The other half of our couplet is not so susceptible to argument or wit. It calls for a more tender, though no less honest consideration. What of death? The question is usually avoided, or so much taken for granted that little thought is given to it until it brushes our own experience and consciousness. The common acceptance of the finality of death may have calloused the hearts and minds of many. Its silence and mystery have baffled or frightened others. When the currents of life are flowing strong and high there is little room left for thought of dying. Youth finds it hard, almost impossible to think of death in any sense of realism, and it is well that this is so. Upon youth rests our destiny and hope. In the heart of youth is the pulse of sunrise, the assurance of life and all that is to be; the will to follow its star. Death has no part in the consciousness of youth, though it is youth that is dying by the thousands. To the aged, death more often than not comes as a release from weariness and a promise of glories dreamed of but unattained. Many, alas, approach it in apprehension and fear.

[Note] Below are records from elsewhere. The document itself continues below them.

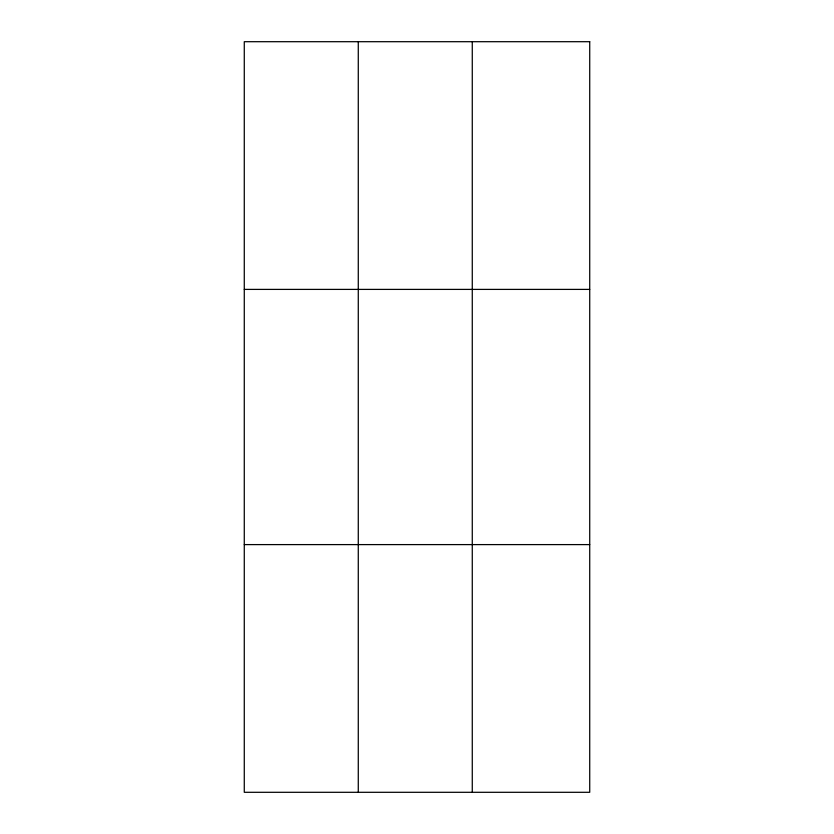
<?xml version="1.0" encoding="UTF-8"?>
<svg xmlns="http://www.w3.org/2000/svg" width="834" height="834" viewBox="0 0 834 834"><rect width="100%" height="100%" fill="white"/><g stroke="black" fill="none" stroke-linecap="round" stroke-linejoin="round"><path stroke-width="1.25" d="M358.276 792.3L358.276 41.7M472.273 792.3L472.273 41.7M244.279 289.398L589.721 289.398M244.279 544.602L589.721 544.602M589.721 41.7L589.721 792.3L244.279 792.3L244.279 41.7L589.721 41.7"/></g></svg>
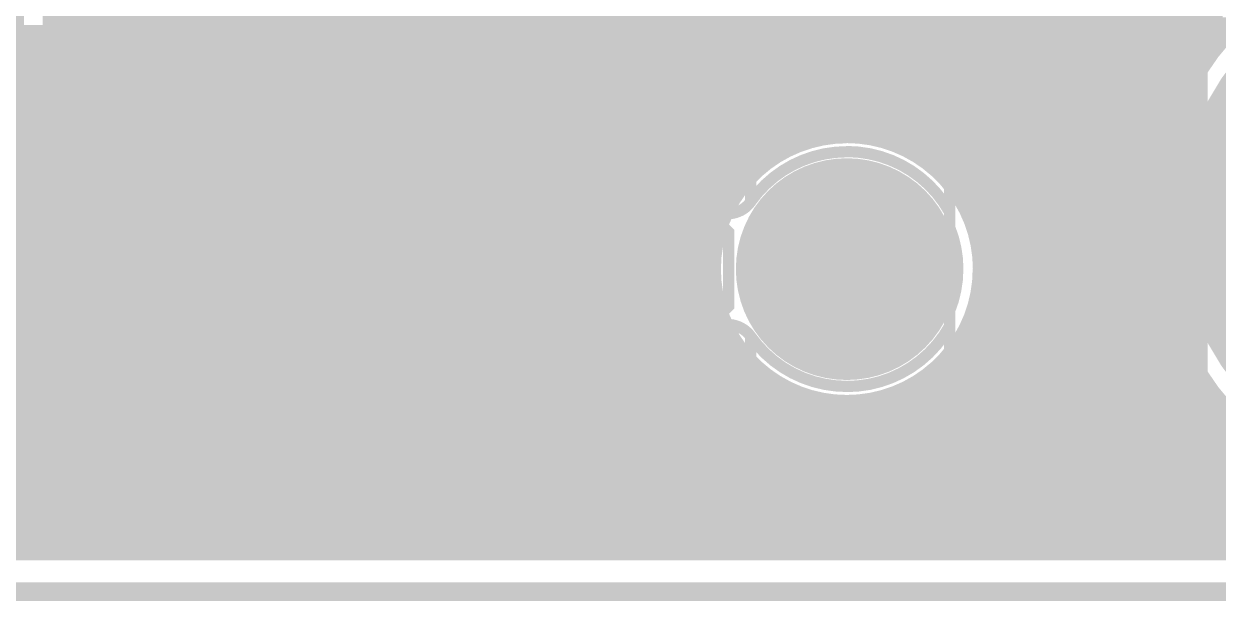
# Model space of a CAD drawing. Extents: x -5 to 208, y -5 to 206.
# Drawn here: x 72.9 to 89.04, y -5.13 to 2.68 of the extents above; entities that cross this region are included whole.
import ezdxf

# ---------------------------------------------------------------- set-up
doc = ezdxf.new("R2010")
doc.units = 0
doc.header["$MEASUREMENT"] = 0
doc.layers.get('0').update_dxf_attribs({"linetype": 'CONTINUOUS'})
for name, color, linetype in [('22-301-0_BOT', 7, 'CONTINUOUS'), ('22-301-0_DRD', 7, 'CONTINUOUS'), ('22-301-0_IN1', 1, 'CONTINUOUS'), ('22-301-0_IN2', 4, 'CONTINUOUS'), ('22-301-0_SMB', 3, 'CONTINUOUS'), ('22-301-0_SMT', 5, 'CONTINUOUS'), ('22-301-0_SST', 14, 'CONTINUOUS'), ('22-301-0_TOP', 9, 'CONTINUOUS'), ('THRUHOLE_NPT', 11, 'CONTINUOUS'), ('THRUHOLE_TAP', 13, 'CONTINUOUS')]:
    doc.layers.add(name, color=color, linetype=linetype)

# ---------------------------------------------------------------- blocks, each defined once
blk = doc.blocks.new('ROUND_22')
at = {"const_width": 3.50012}
blk.add_lwpolyline([(-1.75006, 0, 1), (1.75006, 0, 1)], format="xyb", close=True, dxfattribs=at)
blk = doc.blocks.new('ROUND_26')
at = {"const_width": 1.49987}
blk.add_lwpolyline([(-0.749934, 0, 1), (0.749934, 0, 1)], format="xyb", close=True, dxfattribs=at)
blk = doc.blocks.new('ROUND_27')
at = {"const_width": 1.24968}
blk.add_lwpolyline([(-0.62484, 0, 1), (0.62484, 0, 1)], format="xyb", close=True, dxfattribs=at)
blk = doc.blocks.new('ROUND_80')
at = {"const_width": 0.69977}
blk.add_lwpolyline([(-0.349884, 0, 1), (0.349884, 0, 1)], format="xyb", close=True, dxfattribs=at)

msp = doc.modelspace()

# ---------------------------------------------------------------- linework, layer by layer
at = {"layer": '22-301-0_BOT', "const_width": 0.254}
for points in [[(89.535, 17.018), (78.232, 17.018), (73.406, 12.192), (73.406, 2.286)], [(78.2066, 16.9926), (78.2066, 2.286)], [(78.4352, 17.018), (78.4352, 2.286)], [(78.6638, 17.018), (78.6638, 2.286)], [(78.8924, 17.018), (78.8924, 2.286)], [(79.121, 17.018), (79.121, 2.286)], [(79.3496, 17.018), (79.3496, 2.286)], [(79.5782, 17.018), (79.5782, 2.286)], [(79.8068, 17.018), (79.8068, 2.286)], [(80.0354, 17.018), (80.0354, 2.286)], [(80.264, 17.018), (80.264, 2.286)], [(80.4926, 17.018), (80.4926, 2.286)], [(80.7212, 17.018), (80.7212, 2.286)], [(80.9498, 17.018), (80.9498, 2.286)], [(81.1784, 17.018), (81.1784, 2.286)], [(81.407, 17.018), (81.407, 2.286)], [(81.6356, 17.018), (81.6356, 2.286)], [(81.8642, 17.018), (81.8642, 2.286)], [(82.0928, 17.018), (82.0928, 2.286)], [(82.3214, 17.018), (82.3214, 2.286)], [(82.55, 17.018), (82.55, 2.286)], [(82.7786, 17.018), (82.7786, 2.286)], [(83.0072, 17.018), (83.0072, 2.286)], [(83.2358, 17.018), (83.2358, 2.286)], [(83.4644, 17.018), (83.4644, 2.286)], [(83.693, 17.018), (83.693, 2.286)], [(83.9216, 17.018), (83.9216, 2.286)], [(84.1502, 17.018), (84.1502, 2.286)], [(84.3788, 17.018), (84.3788, 2.286)], [(84.6074, 17.018), (84.6074, 2.286)], [(84.836, 17.018), (84.836, 2.286)], [(85.0646, 17.018), (85.0646, 2.286)], [(85.2932, 17.018), (85.2932, 2.286)], [(85.5218, 17.018), (85.5218, 2.286)], [(85.7504, 17.018), (85.7504, 2.286)], [(85.979, 17.018), (85.979, 2.286)], [(86.2076, 17.018), (86.2076, 2.286)], [(86.4362, 17.018), (86.4362, 2.4892)], [(86.6648, 17.018), (86.6648, 2.7178)], [(77.978, 16.764), (77.978, 2.286)], [(77.7494, 16.5354), (77.7494, 2.286)], [(77.5208, 16.3068), (77.5208, 2.286)], [(77.2922, 16.0782), (77.2922, 2.286)], [(77.0636, 15.8496), (77.0636, 2.286)], [(76.835, 15.621), (76.835, 2.286)], [(76.6064, 15.3924), (76.6064, 2.286)], [(76.3778, 15.1638), (76.3778, 2.286)], [(76.1492, 14.9352), (76.1492, 2.286)], [(75.9206, 14.7066), (75.9206, 2.286)], [(75.692, 14.478), (75.692, 2.286)], [(75.4634, 14.2494), (75.4634, 2.286)], [(75.2348, 14.0208), (75.2348, 2.286)], [(75.0062, 13.7922), (75.0062, 2.286)], [(74.7776, 13.5636), (74.7776, 2.286)], [(74.549, 13.335), (74.549, 2.286)], [(74.3204, 13.1064), (74.3204, 2.286)], [(74.0918, 12.8778), (74.0918, 2.286)], [(73.8632, 12.6492), (73.8632, 2.286)], [(72.771, 12.319), (72.771, -2.159)], [(73.6346, 12.4206), (73.6346, 2.286)], [(88.9, 4.953), (86.233, 2.286)], [(72.771, 2.6416), (64.643, 2.6416)], [(86.6902, 2.7432), (73.406, 2.7432)], [(86.4616, 2.5146), (73.406, 2.5146)], [(72.771, 2.413), (64.643, 2.413)], [(72.771, 2.1844), (64.643, 2.1844)], [(86.233, 2.286), (73.406, 2.286)], [(72.771, 1.9558), (64.643, 1.9558)], [(86.868, 1.778), (86.868, -4.445), (5.207, -4.445)], [(72.771, 1.7272), (64.643, 1.7272)], [(73.406, 1.778), (73.406, -2.921)], [(86.868, 1.778), (73.406, 1.778)], [(86.868, 1.7272), (73.406, 1.7272)], [(73.5584, 1.778), (73.5584, -4.445)], [(73.787, 1.778), (73.787, -4.445)], [(74.0156, 1.778), (74.0156, -4.445)], [(74.2442, 1.778), (74.2442, -4.445)], [(74.4728, 1.778), (74.4728, -4.445)], [(74.7014, 1.778), (74.7014, -4.445)], [(74.93, 1.778), (74.93, -4.445)], [(75.1586, 1.778), (75.1586, -4.445)], [(75.3872, 1.778), (75.3872, -4.445)], [(75.6158, 1.778), (75.6158, -4.445)], [(75.8444, 1.778), (75.8444, -4.445)], [(76.073, 1.778), (76.073, -4.445)], [(76.3016, 1.778), (76.3016, -4.445)], [(76.5302, 1.778), (76.5302, -4.445)], [(76.7588, 1.778), (76.7588, -4.445)], [(76.9874, 1.778), (76.9874, -4.445)], [(77.216, 1.778), (77.216, -4.445)], [(77.4446, 1.778), (77.4446, -4.445)], [(77.6732, 1.778), (77.6732, -4.445)], [(77.9018, 1.778), (77.9018, -4.445)], [(78.1304, 1.778), (78.1304, -4.445)], [(78.359, 1.778), (78.359, -4.445)], [(78.5876, 1.778), (78.5876, -4.445)], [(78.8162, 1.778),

I wonder if a child can comprehend a time when he was not, or death as a time when he shall cease to be! In this I am inclined to think he is wiser than we who sit arguing the case. Yes, he repeats his little good-night prayer, "If I should die before I wake," the most real and eager portion of which is the blessing he bestows upon those he loves; blessing bestowed without the wall of death about his consciousness such as we, his sponsors, have built or allowed to be built within our minds.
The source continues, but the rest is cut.